▶ [Exercise directions] Nothing but the lines from the start of the data through the line with "[diagram v2a: board, top" should appear in the answer, each retyped exactly, and pictures should not.

▶ [Information given]
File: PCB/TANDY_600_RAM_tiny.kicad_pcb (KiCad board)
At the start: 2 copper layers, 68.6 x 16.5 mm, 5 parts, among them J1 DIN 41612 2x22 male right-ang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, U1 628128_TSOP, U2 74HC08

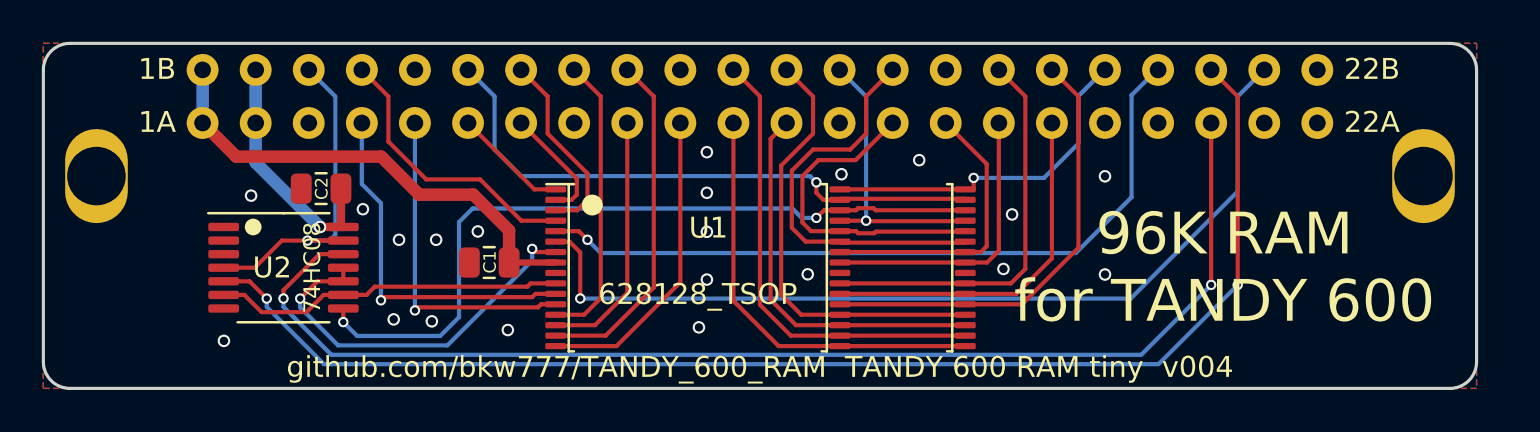
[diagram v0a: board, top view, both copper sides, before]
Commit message: gnd on tiny, new dual sch, bus connector symbol & footprint
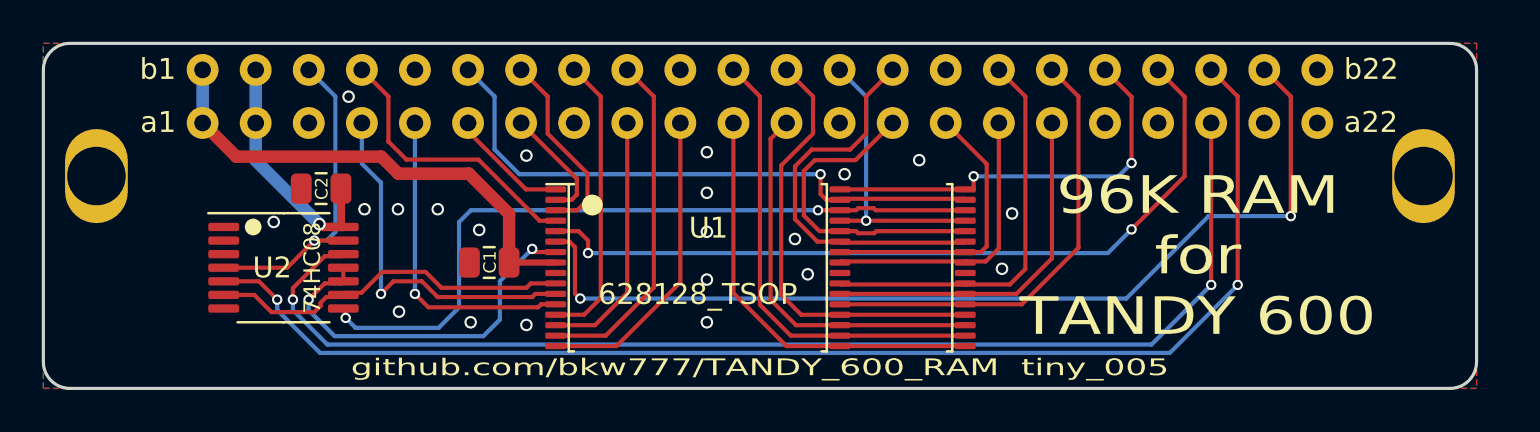
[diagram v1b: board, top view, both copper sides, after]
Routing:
- net /CS2: track 43.5 -> 46.8 mm, vias 1 -> 2
- net /~{OE}: track 16.7 -> 19.8 mm, vias 1 -> 2
- net /~{WE}: track 35.8 -> 38.0 mm, vias 1 -> 2
- net /~{CS1_C}: track 58.8 -> 57.7 mm
- net /~{CS1}: track 36.3 -> 35.1 mm
- net /A16: track 16.8 -> 17.5 mm
- net /A12: track 15.8 -> 15.2 mm
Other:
- board text added: "${COMMENT2} ${REVISION}"
- board text added: "a1"
- board text added: "a22"
- board text added: "b1"
- board text added: "b22"
- board text removed: "${COMMENT2} ${TITLE} v${REVISION}"
- board text removed: "1A"
- board text removed: "1B"
- board text removed: "22A"
- board text removed: "22B"

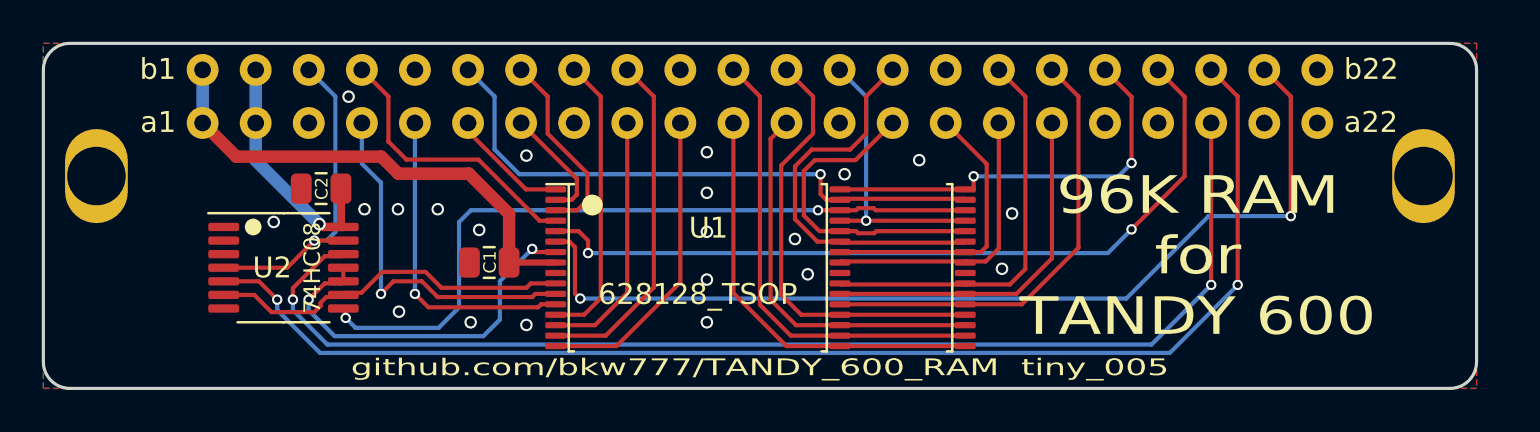
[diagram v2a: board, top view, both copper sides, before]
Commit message: footprints, ground paths
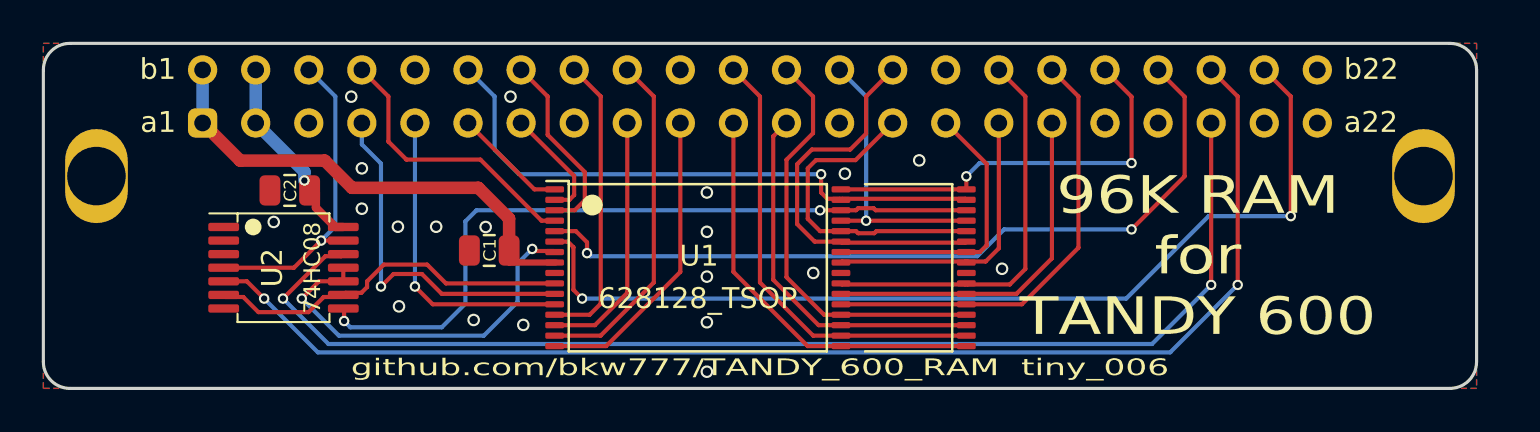
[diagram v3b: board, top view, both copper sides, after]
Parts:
- J1: footprint 000_LOCAL:DIN 41612 2x22 male right-angle -> 000_LOCAL:DIN-41612_02x22_male_horizontal
- moved C2 1.50 mm to (123.5, 106.0)
- moved C1 0.58 mm to (133.1, 108.9)
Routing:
- net VCC: track 11.7 -> 9.48 mm
- net /A0: track 21.1 -> 20.3 mm
- net /A1: track 18.6 -> 17.9 mm
- net /A2: track 22.2 -> 21.6 mm
- net /A3: track 20.3 -> 19.7 mm
- net GND: vias 21 -> 20

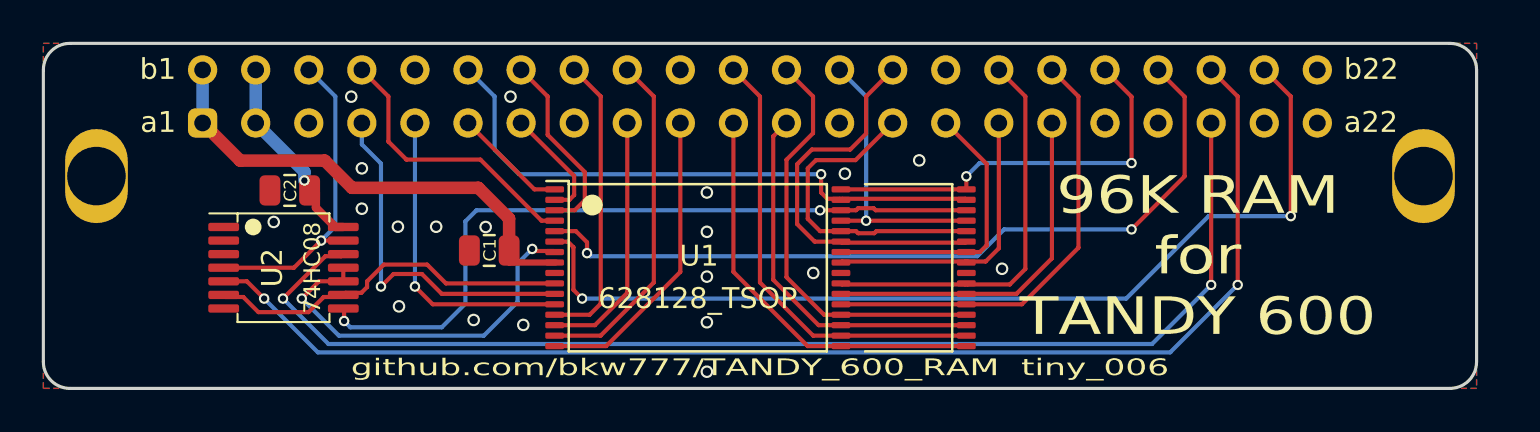
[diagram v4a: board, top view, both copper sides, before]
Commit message: footprints on tiny
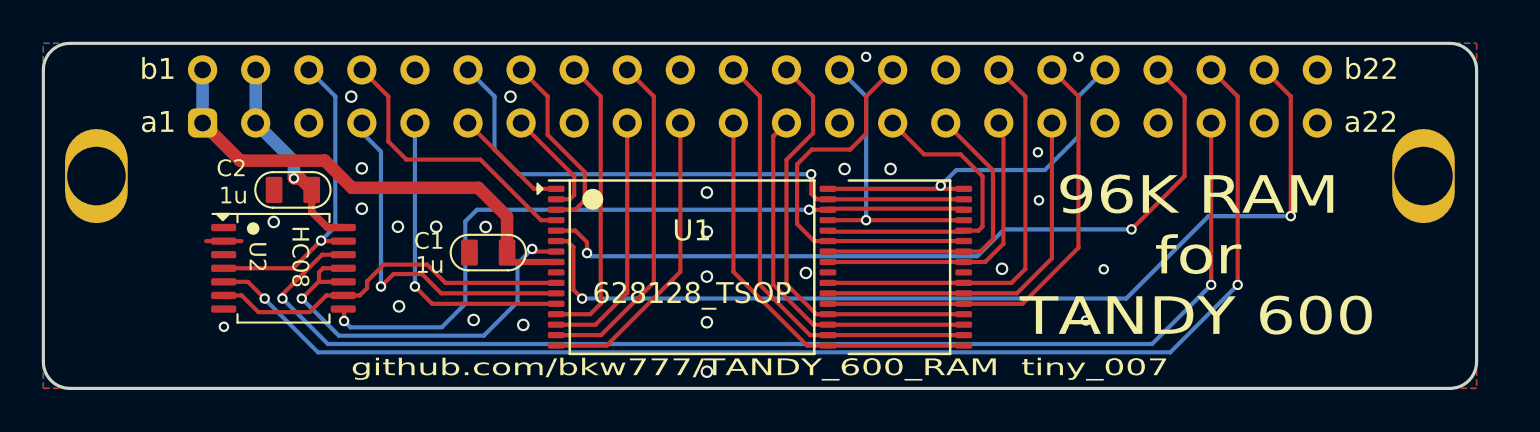
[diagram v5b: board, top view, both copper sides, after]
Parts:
- C1, C2: value 0.1uF -> 1u
- U2: value 74HC08 -> HC08
- moved U1 3.28 mm to (142.8, 109.7)
- moved C2 0.15 mm to (123.7, 106.0)
- moved C1 0.11 mm to (133.1, 109.0)
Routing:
- net /~{OE}: track 19.8 -> 17.9 mm, vias 2 -> 1
- net GND: track 0.00 -> 1.70 mm, vias 20 -> 27
- net /A15: track 18.7 -> 19.8 mm
- net /D4: track 13.8 -> 14.6 mm
- net /D3: track 13.9 -> 14.6 mm
- net /D1: track 17.3 -> 17.9 mm
- net /D0: track 21.5 -> 22.1 mm
- net /D2: track 19.2 -> 19.8 mm
- net /D7: track 13.7 -> 14.3 mm

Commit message: rename 3d dir to 3dshapes to standardize
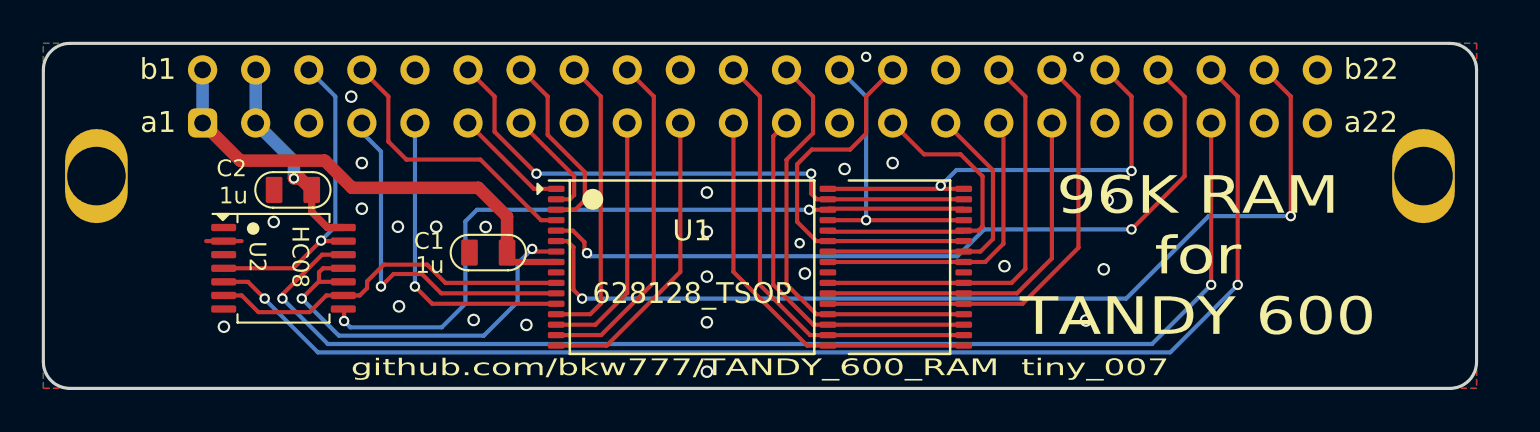
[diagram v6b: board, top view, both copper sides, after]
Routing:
- net /~{OE}: track 17.9 -> 21.4 mm, vias 1 -> 2
- net /A10: track 28.3 -> 27.9 mm, vias 1 -> 2
- net GND: vias 27 -> 26

▶ [Response for this exercise]
File: PCB/TANDY_600_RAM_tiny.kicad_pcb (KiCad board)
At the start: 2 copper layers, 68.6 x 16.5 mm, 5 parts, among them J1 DIN 41612 2x22 male right-ang, U1 628128_TSOP, U2 74HC08

[diagram v0a: board, top view, both copper sides, before]
Commit message: gnd on tiny, new dual sch, bus connector symbol & footprint
[diagram v1b: board, top view, both copper sides, after]
Routing:
- net /CS2: track 43.5 -> 46.8 mm, vias 1 -> 2
- net /~{OE}: track 16.7 -> 19.8 mm, vias 1 -> 2
- net /~{WE}: track 35.8 -> 38.0 mm, vias 1 -> 2
- net /~{CS1_C}: track 58.8 -> 57.7 mm
- net /~{CS1}: track 36.3 -> 35.1 mm
- net /A16: track 16.8 -> 17.5 mm
- net /A12: track 15.8 -> 15.2 mm
Other:
- board text added: "${COMMENT2} ${REVISION}"
- board text added: "a1"
- board text added: "a22"
- board text added: "b1"
- board text added: "b22"
- board text removed: "${COMMENT2} ${TITLE} v${REVISION}"
- board text removed: "1A"
- board text removed: "1B"
- board text removed: "22A"
- board text removed: "22B"

[diagram v2a: board, top view, both copper sides, before]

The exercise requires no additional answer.